Unless you are paying an extreme premium (and you're _beyond_ swimming in
investor cash), odds are your system started as a technical nightmare, and is
only becoming moreso by the day. As a dev I would be _extremely_ hesitant of
hopping on board anything with such a questionable technical past, especially
if the product momentum is too high to make a total rework possible.

------
rksprst
A few comments regarding the product.

\- What if I am deciding between more than 2 things? I might have 3 watches
I'm choosing between.

\- I don't want random strangers to vote on this, I want people I trust. What
about private swayables?

\- Not everything has a picture. I'm deciding between a vacation to Africa or
China, do I need to go looking for pictures to use the product?

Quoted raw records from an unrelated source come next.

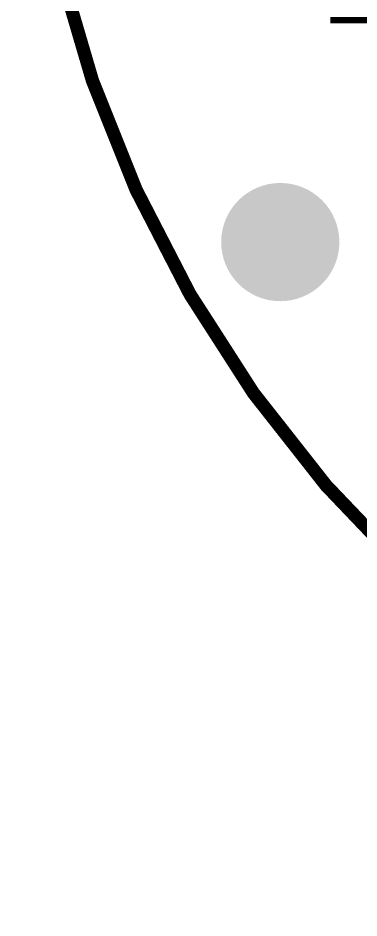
# Model space of a CAD drawing. Header units: millimetres. Extents: x -35.7 to 35.7, y -3.2 to 68.2.
# Drawn here: x -35.69 to -25.88, y -3.19 to 22.69 of the extents above; entities that cross this region are included whole.
import ezdxf

# ---------------------------------------------------------------- set-up
doc = ezdxf.new("R2010")
doc.units = ezdxf.units.MM
for name, color, linetype in [('BottomLayer', 5, 'Continuous'), ('BottomSolder', 6, 'Continuous'), ('Mechanical2', 216, 'Continuous'), ('MultiLayer', 9, 'Continuous'), ('PadHoleLayer', 156, 'Continuous'), ('TopLayer', 1, 'Continuous'), ('TopOverlay', 2, 'Continuous'), ('TopSolder', 216, 'Continuous')]:
    doc.layers.add(name, color=color, linetype=linetype)
doc.styles.add('Arial', font='', dxfattribs={"height": 0.2})
doc.styles.get('Arial').set_extended_font_data('Arial')

msp = doc.modelspace()

# ---------------------------------------------------------------- hatches: boundary and pattern name
at = {"layer": 'BottomLayer'}
h = msp.add_hatch(color=5, dxfattribs=at)
edge = h.paths.add_edge_path()
edge.add_arc((-28.146, 16.25), 1.5, 0, 360)
at = {"layer": 'BottomSolder'}
h = msp.add_hatch(color=6, dxfattribs=at)
edge = h.paths.add_edge_path()
edge.add_arc((-28.146, 16.25), 1.602, 0, 360)
at = {"layer": 'MultiLayer'}
h = msp.add_hatch(color=9, dxfattribs=at)
edge = h.paths.add_edge_path()
edge.add_arc((-28.146, 16.25), 1.5, 0, 360)
at = {"layer": 'PadHoleLayer'}
h = msp.add_hatch(color=156, dxfattribs=at)
edge = h.paths.add_edge_path()
edge.add_arc((-28.146, 16.25), 1.7, 0, 360)
at = {"layer": 'TopLayer'}
h = msp.add_hatch(color=1, dxfattribs=at)
edge = h.paths.add_edge_path()
edge.add_arc((-28.146, 16.25), 1.5, 0, 360)
at = {"layer": 'TopSolder'}
h = msp.add_hatch(color=216, dxfattribs=at)
edge = h.paths.add_edge_path()
edge.add_arc((-28.146, 16.25), 1.602, 0, 360)

# ---------------------------------------------------------------- linework, layer by layer
at = {"layer": 'Mechanical2', "const_width": 0.381}
for points in [[(-30.744, 14.75, -0.267949), (-30.744, 50.25)], [(0, -3, -0.267949), (-30.744, 14.75)]]:
    msp.add_lwpolyline(points, format="xyb", dxfattribs=at)
at = {"layer": 'Mechanical2', "const_width": 0.191}
msp.add_lwpolyline([(-30.839, 14.75, 1), (-30.649, 14.75, 1)], format="xyb", close=True, dxfattribs=at)
msp.add_lwpolyline([(-30.839, 14.75, 1), (-30.649, 14.75, 1)], format="xyb", close=True, dxfattribs=at)

# ---------------------------------------------------------------- texts
at = {"layer": 'TopOverlay', "style": 'Arial'}
msp.add_text('CAN_OUT', height=1.905, rotation=360, dxfattribs=at).set_placement((-32.283, 23.095))

doc.saveas('drawing.dxf')
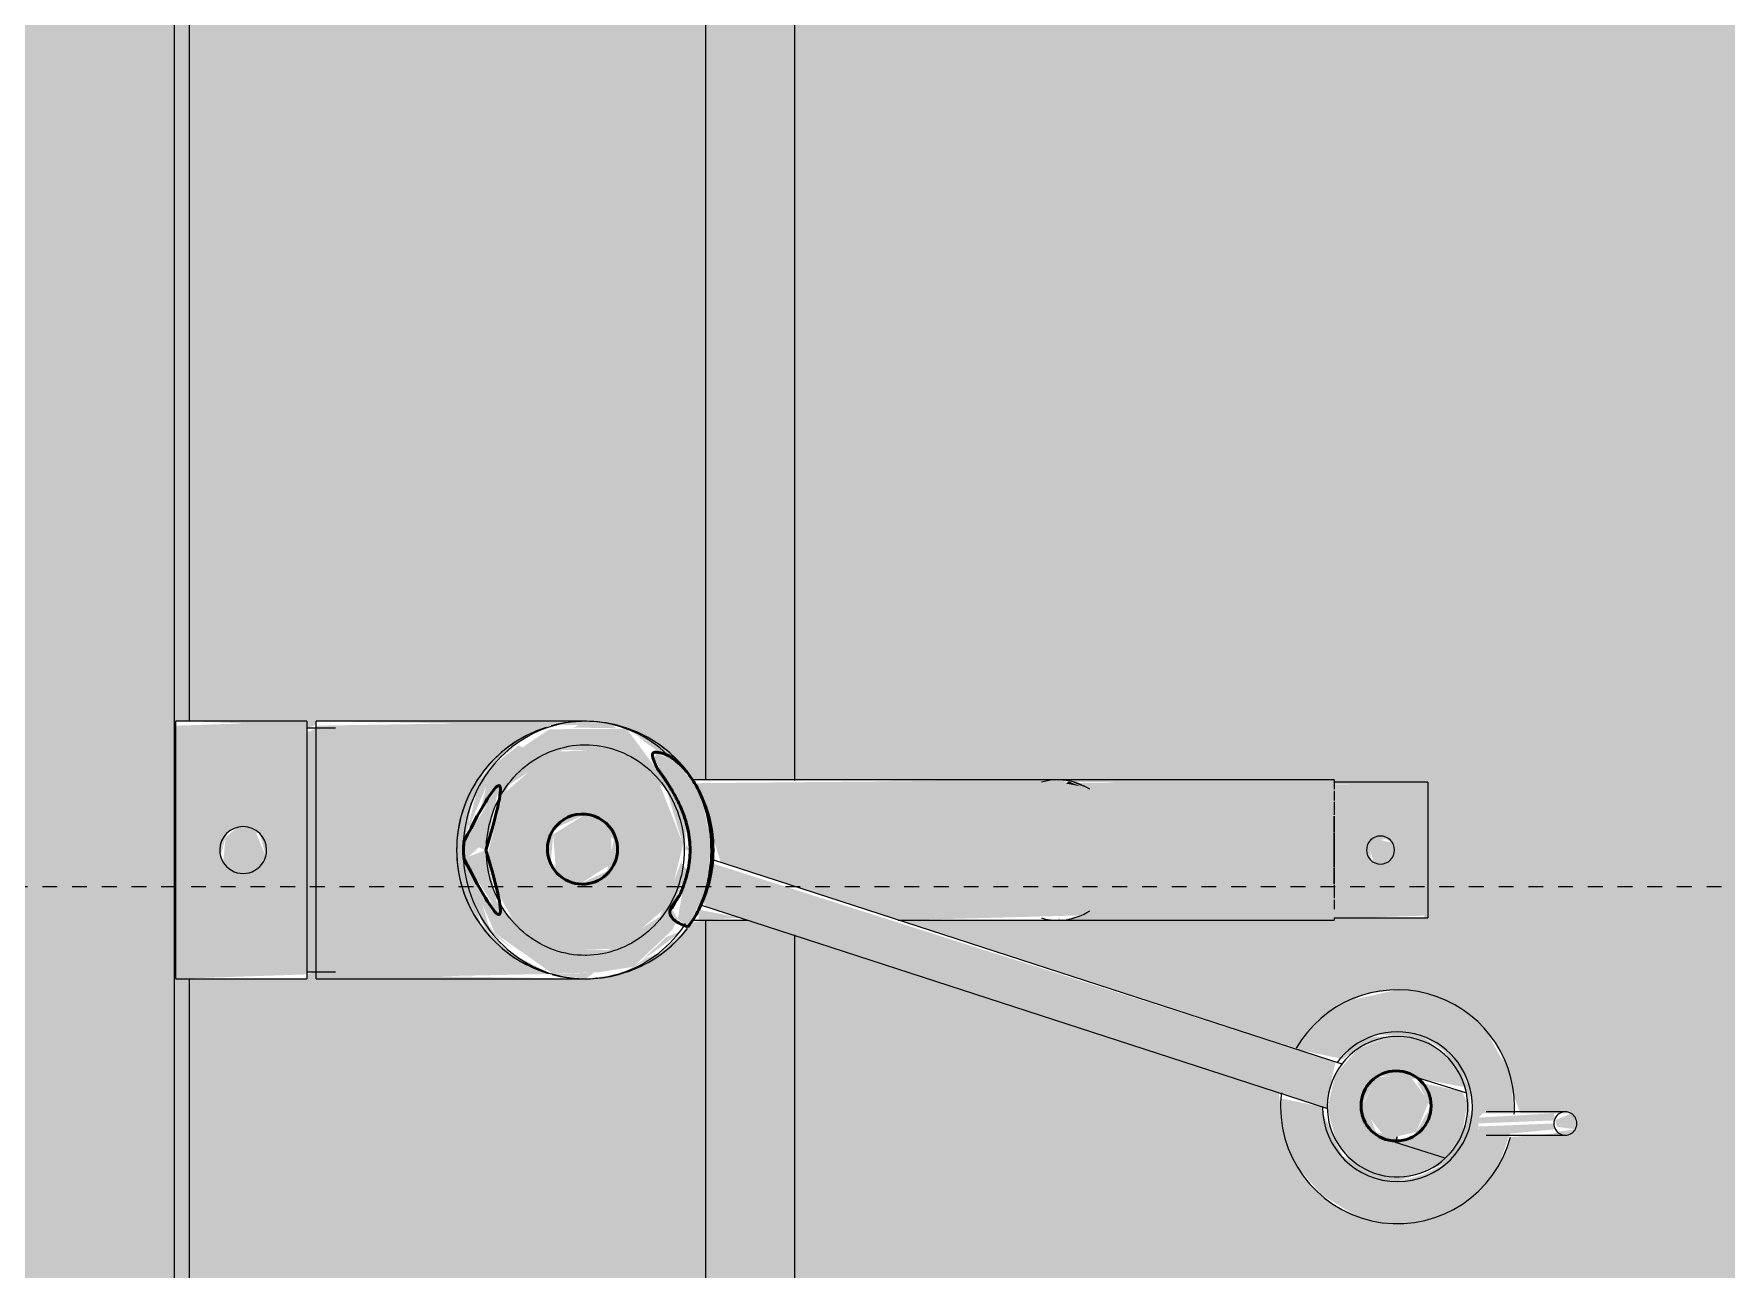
# Model space of a CAD drawing. Header units: inches. Extents: x -4218 to -1814, y 9706 to 12426.
# Drawn here: x -3606.1 to -3591.87, y 11067.16 to 11077.55 of the extents above; entities that cross this region are included whole.
import ezdxf

# ---------------------------------------------------------------- set-up
doc = ezdxf.new("R2010")
doc.units = ezdxf.units.IN
doc.header["$MEASUREMENT"] = 0
doc.linetypes.add('Aligning Line 1_8_', pattern=[0.25, 0.125, -0.125])
for name, color, linetype, lineweight in [('0-1', 7, 'Continuous', 5), ('0-2', 50, 'Continuous', 13), ('A-GENM-1', 11, 'Continuous', 9), ('A-GENM-2', 250, 'Continuous', 9), ('A-GENM-3', 10, 'Continuous', 50), ('A-WALL-1', 8, 'Continuous', 5), ('A-WALL-4', 50, 'Continuous', 13), ('G-ANNO-SYMB', 111, 'Aligning Line 1_8_', 9), ('P-SANR-FIXT-2', 250, 'Continuous', 9), ('P-SANR-FIXT-3', 55, 'Continuous', 9), ('Q-CASE-1', 9, 'Continuous', 9), ('Q-CASE-3', 250, 'Continuous', 9)]:
    doc.layers.add(name, color=color, linetype=linetype, lineweight=lineweight)

# ---------------------------------------------------------------- blocks, each defined once
blk = doc.blocks.new('Vanity Cabinet-Double Door - 33_-2164608-FLOOR PLAN - 3RD FLOOR')
at = {"layer": 'Q-CASE-1'}
blk.add_hatch(color=256, dxfattribs=at).paths.add_polyline_path([(-15.137, -0.625), (-15.012, -0.75), (-0.345, -0.75), (-0.308, -0.638), (1.82, -0.638), (1.82, -0.75), (16.488, -0.75), (16.613, -0.625), (-6.412, -0.625)], flags=0)
h = blk.add_hatch(color=256, dxfattribs=at)
h.paths.add_polyline_path([(-15.012, -0.75), (-15.012, -5.092), (0.147, -5.092), (0.125, -4.967), (0.043, -4.903), (-0.128, -4.718), (-0.256, -4.49), (-0.308, -4.363), (-0.345, -4.083), (-0.308, -1.819), (-0.286, -1.819), (-0.308, -1.741), (-0.345, -1.741), (-0.345, -0.75), (-13.762, -0.75)], flags=0)
h.paths.add_polyline_path([(1.328, -5.046), (1.328, -5.092), (16.488, -5.092), (16.488, -0.75), (1.82, -0.75), (1.782, -1.741), (1.761, -1.741), (1.791, -1.819), (1.82, -1.819), (1.783, -4.363), (1.614, -4.704), (1.364, -4.962), (1.328, -5.003), (1.328, -5.034)], flags=0)
at = {"layer": 'Q-CASE-3'}
for p, q in [((-0.345, -0.75), (-15.012, -0.75)), ((16.488, -0.75), (1.82, -0.75))]:
    blk.add_line(p, q, dxfattribs=at)
blk = doc.blocks.new('kitchen_faucet_14143 - kitchen_faucet_14143-V168-FLOOR PLAN - 3RD FLOOR')
at = {"layer": 'A-GENM-1'}
for points in [[(-6.832, 3.144), (-7.086, 3.11), (-7.324, 3.012), (-7.528, 2.855), (-7.684, 2.652), (-7.778, 2.385), (-7.513, 2.349), (-7.513, 2.25), (-7.55, 2.214), (-7.809, 2.214), (-7.794, 1.993), (-7.764, 1.861), (-7.595, 1.551), (-7.44, 1.396), (-7.324, 1.307), (-7.086, 1.209), (-6.832, 1.175), (-6.454, 1.26), (-6.299, 1.338), (-6.136, 1.463), (-5.977, 1.675), (-6.373, 1.758), (-6.618, 1.572), (-6.669, 1.551), (-7.065, 1.58), (-7.217, 1.685), (-7.419, 1.946), (-7.462, 2.159), (-7.398, 2.396), (-7.234, 2.638), (-7.038, 2.734), (-6.832, 2.789), (-6.597, 2.727), (-6.367, 2.572), (-6.21, 2.223), (-6.195, 2.159), (-5.856, 2.09), (-5.857, 2.229), (-5.881, 2.414), (-5.979, 2.652), (-6.191, 2.898), (-6.454, 3.059), (-6.577, 3.11)], [(-6.832, 2.789), (-7.234, 2.638), (-7.315, 2.539), (-7.44, 2.323), (-7.44, 1.996), (-7.302, 1.77), (-7.053, 1.575), (-6.988, 1.551), (-6.618, 1.572), (-6.454, 1.677), (-6.53, 1.655), (-6.773, 1.572), (-7.058, 1.614), (-7.288, 1.784), (-7.411, 2.043), (-7.41, 2.28), (-7.313, 2.501), (-7.106, 2.682), (-6.814, 2.749), (-6.522, 2.661), (-6.318, 2.451), (-6.439, 2.635), (-6.669, 2.768), (-6.814, 2.787)], [(-6.817, 2.75), (-7.11, 2.68), (-7.215, 2.586), (-6.814, 2.46), (-6.831, 2.408), (-6.653, 2.375), (-6.546, 2.114), (-6.675, 1.897), (-7.051, 1.93), (-7.394, 1.993), (-7.279, 1.776), (-7.057, 1.614), (-6.773, 1.572), (-6.5, 1.672), (-6.309, 1.886), (-6.243, 2.175), (-6.318, 2.451), (-6.528, 2.666), (-6.814, 2.749)], [(-7.234, 2.592), (-7.373, 2.396), (-7.42, 2.123), (-7.373, 2.031), (-6.999, 1.951), (-7.111, 2.159), (-6.967, 2.408), (-6.817, 2.451), (-6.817, 2.461), (-7.233, 2.592)], [(-8.328, 2.349), (-8.341, 2.3), (-8.292, 2.214), (-8.157, 2.274), (-8.175, 2.328), (-8.292, 2.344)], [(-7.782, 2.385), (-8.16, 2.349), (-8.147, 2.3), (-7.504, 2.326), (-7.55, 2.385), (-7.778, 2.385)], [(-7.5, 2.3), (-8.15, 2.274), (-8.15, 2.214), (-7.513, 2.25), (-7.5, 2.299)], [(-6.243, 2.175), (-6.259, 2.016), (-6.311, 1.783), (-1.068, 0.112), (-0.991, 0.413), (-1.009, 0.475), (-6.241, 2.175)], [(2.264, 1.083), (0.289, 1.042), (0.638, 0.864), (0.879, 0.626), (0.985, 0.428), (1.063, 0.149), (1.065, -0.132), (0.998, -0.395), (0.851, -0.655), (0.638, -0.864), (0.421, -0.988), (0.28, -1.046), (0, -1.083), (2.264, -1.046), (2.264, 1.046)], [(2.264, 1.024), (2.264, -1.024), (2.342, -0.989), (2.342, 1.024)], [(-3.975, 0.591), (-4.172, 0.551), (-4.113, 0.57), (-4.025, 0.583)], [(-0.863, 0.646), (-1.019, 0.324), (-1.059, -0.048), (-0.981, -0.436), (-0.917, -0.553), (-0.756, -0.751), (-0.596, -0.813), (-0.58, -0.773), (-0.662, -0.607), (-0.831, -0.288), (-0.879, 0.046), (-0.832, 0.269), (-0.777, 0.581), (-0.863, 0.646)], [(2.827, 0.19), (2.688, 0.051), (2.78, -0.17), (2.929, -0.19), (3.026, -0.106), (3.046, 0.101), (2.977, 0.17)], [(-6.748, 0.102), (-6.792, -0.059), (-6.647, -0.094), (-6.588, -0.054), (-6.627, 0.086)], [(-0.838, 0), (-0.847, -0.229), (-0.727, -0.506), (-0.353, -1.013), (-0.341, -1.02), (0.302, -1.016), (0.445, -0.921), (0.795, -0.682), (0.895, -0.292), (0.82, -0.391), (0.739, -0.47), (0.717, -0.394), (0.638, -0.551), (0.194, -0.842), (-0.274, -0.831), (-0.682, -0.506), (-0.823, -0.048)], [(-4.208, -0.527), (-4.044, -0.591), (-4.113, -0.57), (-4.199, -0.531)], [(-4.169, -0.535), (-4.064, -0.578), (-4.044, -0.559)]]:
    blk.add_hatch(color=256, dxfattribs=at).paths.add_polyline_path(points, flags=0)
h = blk.add_hatch(color=256, dxfattribs=at)
h.paths.add_polyline_path([(-6.831, 2.408), (-6.988, 2.372), (-7.096, 2.119), (-6.935, 1.897), (-6.664, 1.91), (-6.528, 2.159), (-6.719, 2.408), (-6.749, 2.408)], flags=0)
h.paths.add_polyline_path([(0.05, 0.287), (-0.222, 0.115), (-0.216, -0.152), (-0.002, -0.302), (0.27, -0.132), (0.25, 0.146), (0.12, 0.238)], flags=0)
h = blk.add_hatch(color=256, dxfattribs=at)
h.paths.add_polyline_path([(0, 1.083), (-0.079, 1.03), (0.28, 1.046)], flags=0)
h.paths.add_polyline_path([(-0.353, 1.016), (-0.66, 0.847), (-0.494, 0.92), (-0.363, 1.007)], flags=0)
h.paths.add_polyline_path([(0.356, 1.014), (0.589, 0.901), (0.404, 0.994), (0.358, 1.013)], flags=0)
h.paths.add_polyline_path([(-0.838, 0), (-0.881, 0), (-0.845, -0.048)], flags=0)
h.paths.add_polyline_path([(0.259, 0.842), (-0.274, 0.831), (-0.693, 0.47), (-0.823, -0.048), (-0.621, -0.564), (-0.256, -0.842), (0.278, -0.828), (0.693, -0.47), (0.826, 0.054), (0.717, 0.394), (0.621, 0.564), (0.264, 0.839)], flags=0)
h.paths.add_polyline_path([(0.886, 0), (0.88, 0.017), (0.885, -0.001)], flags=0)
h.paths.add_polyline_path([(0.884, 0.611), (0.994, 0.157), (1.009, 0.091), (0.984, 0.057), (0.896, -0.023), (1.021, -0.071), (0.981, -0.212), (0.971, -0.315), (0.888, -0.6), (1.002, -0.386), (1.065, -0.132), (1.063, 0.149), (0.985, 0.428), (0.888, 0.606)], flags=0)
h.paths.add_polyline_path([(-0.887, 0.607), (-0.993, 0.409), (-1.068, 0.112), (-1.061, -0.162), (-1.056, 0.108), (-1.003, 0.375), (-0.908, 0.574)], flags=0)
h.paths.add_polyline_path([(0.05, 0.287), (0.291, 0.106), (0.266, -0.177), (-0.002, -0.302), (-0.24, -0.086), (-0.182, 0.178), (-0.055, 0.238)], flags=0)
h.paths.add_polyline_path([(0.851, -0.655), (0.486, -0.961), (0.66, -0.847), (0.832, -0.678)], flags=0)
h.paths.add_polyline_path([(-0.832, -0.679), (-0.678, -0.833), (-0.404, -0.994), (-0.495, -0.913), (-0.609, -0.831), (-0.83, -0.681)], flags=0)
h.paths.add_polyline_path([(-0.264, -1.023), (-0.222, -1.053), (0, -1.083), (0.096, -1.03), (-0.222, -1.025)], flags=0)
h = blk.add_hatch(color=256, dxfattribs=at)
h.paths.add_polyline_path([(-0.259, 0.842), (-0.212, 0.894), (-0.256, 0.844)], flags=0)
h.paths.add_polyline_path([(0.278, 1.042), (-0.116, 1.028), (-0.407, 0.981), (-0.546, 0.847), (-0.73, 0.674), (-0.777, 0.581), (-0.73, 0.495), (-0.856, 0.17), (-0.806, 0.103), (-0.629, 0.558), (-0.194, 0.842), (0.275, 0.83), (0.678, 0.521), (0.749, 0.425), (0.771, 0.468), (0.955, 0.252), (0.759, 0.701), (0.521, 0.866), (0.287, 1.032)], flags=0)
h = blk.add_hatch(color=256, dxfattribs=at)
h.paths.add_polyline_path([(0.335, 1.03), (0.328, 0.988), (0.351, 1.018)], flags=0)
h.paths.add_polyline_path([(-0.488, 0.923), (-0.825, 0.673), (-0.678, 0.733), (-0.494, 0.915)], flags=0)
h.paths.add_polyline_path([(0.605, 0.833), (0.766, 0.697), (0.815, 0.63), (0.92, 0.275), (0.917, 0.238), (0.994, 0.157), (1.003, 0.212), (0.938, 0.446), (0.84, 0.662), (0.621, 0.822)], flags=0)
h = blk.add_hatch(color=256, dxfattribs=at)
h.paths.add_polyline_path([(3.445, 1.083), (2.342, 1.046), (2.342, -1.083), (3.445, -1.046), (3.445, 1.046)], flags=0)
h.paths.add_polyline_path([(2.827, 0.19), (2.977, 0.17), (3.069, 0.051), (3.018, -0.139), (2.929, -0.19), (2.739, -0.139), (2.688, 0.051), (2.801, 0.164)], flags=0)
h = blk.add_hatch(color=256, dxfattribs=at)
h.paths.add_polyline_path([(-6.454, 0.571), (-7.087, 0.551), (-7.087, -0.571), (-6.299, -0.551), (-6.299, 0.571), (-6.416, 0.571)], flags=0)
h.paths.add_polyline_path([(-6.748, 0.102), (-6.606, 0.084), (-6.606, -0.07), (-6.732, -0.094), (-6.792, -0.059), (-6.754, 0.084)], flags=0)
h = blk.add_hatch(color=256, dxfattribs=at)
h.paths.add_polyline_path([(-0.963, 0.591), (-1.304, 0.57), (-0.954, 0.502), (-0.954, 0.591)], flags=0)
h.paths.add_polyline_path([(-6.299, 0.591), (-6.299, -0.591), (-4.149, -0.565), (-4.113, -0.546), (-3.975, -0.591), (-0.922, -0.562), (-1, -0.391), (-1.066, -0.127), (-1.14, 0.103), (-2.64, 0.591), (-4.157, 0.55), (-4.044, 0.591), (-6.268, 0.591)], flags=0)
h.paths.add_polyline_path([(-3.975, 0.591), (-3.984, 0.57), (-4, 0.583)], flags=0)
h = blk.add_hatch(color=256, dxfattribs=at)
h.paths.add_polyline_path([(0.725, 0.542), (0.837, 0), (1.021, 0.071), (0.917, 0.238)], flags=0)
h.paths.add_polyline_path([(0.837, 0), (0.725, -0.541), (1.021, -0.071), (0.938, -0.039)], flags=0)
h = blk.add_hatch(color=256, dxfattribs=at)
h.paths.add_polyline_path([(0.965, -0.161), (0.955, -0.252), (0.762, -0.699), (0.525, -0.862), (0.563, -0.879), (0.818, -0.678), (0.892, -0.587), (0.981, -0.212), (0.971, -0.178)], flags=0)
h.paths.add_polyline_path([(-0.259, -0.842), (-0.22, -0.893), (-0.256, -0.844)], flags=0)
h.paths.add_polyline_path([(-0.38, -0.997), (-0.322, -1.029), (-0.353, -1.013)], flags=0)
at = {"layer": 'A-GENM-2'}
for p, q in [((-7.234, 2.592), (-6.814, 2.46)), ((-6.814, 2.46), (-6.831, 2.408)), ((-7.579, 2.398), (-8.244, 2.398)), ((-8.244, 2.201), (-7.579, 2.201)), ((-0.97, 0.462), (-6.243, 2.175)), ((-6.988, 1.91), (-7.411, 2.043)), ((-6.367, 1.801), (-1.072, 0.081)), ((2.264, 1.083), (0, 1.083)), ((2.342, 1.024), (2.101, 1.024)), ((2.264, 1.083), (2.264, -1.083)), ((3.445, 1.083), (2.342, 1.083)), ((2.342, -1.083), (2.342, 1.083)), ((3.445, 1.083), (3.445, -1.083)), ((-6.299, 0.571), (-7.087, 0.571)), ((-7.087, -0.571), (-7.087, 0.571)), ((-2.632, 0.591), (-6.299, 0.591)), ((-6.299, 0.57), (-6.299, 0.591)), ((-3.975, 0.591), (-4.892, 0.591)), ((-0.9, 0.591), (-1.366, 0.591)), ((-6.299, 0.418), (-6.299, 0.497)), ((-6.299, 0.295), (-6.299, 0.405)), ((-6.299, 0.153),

\- The use cases that make using this product "natural and easy" are very few.
Sure, there are a ton of ways you could use this, but then it doesn't become
easy anymore for most of the use cases I can think of - it's easier to just
google the info or ask a friend. Do you really expect people to use this to
decide which movie to see? Or what restaurant to go to?

\- The captcha you use to register is insane. I don't even want to give you my
full name to register, why would I watch a 15-30 second video clip to find the
captcha text. I quit at this step. (Also, I assume you're getting some money
from those captcha video ads - makes the product seem "cheaper".)

\- Some decisions are time-sensitive, how do you handle those decisions? Time-
sensitive swayables would need to be more likely to appear than regular
swayables. Can you guarantee I'll get X number of responses within Y minutes?
It's going to be a chicken-and-egg type problem in getting people to use it
for use cases like "where to go for dinner".

\- Also, I'd suggest making the swayable viewer ajax and pre-loading the next
few items. If I click next, I don't want to wait a few seconds for the page to
load, I just want the next item.

Good luck! It's an interesting idea.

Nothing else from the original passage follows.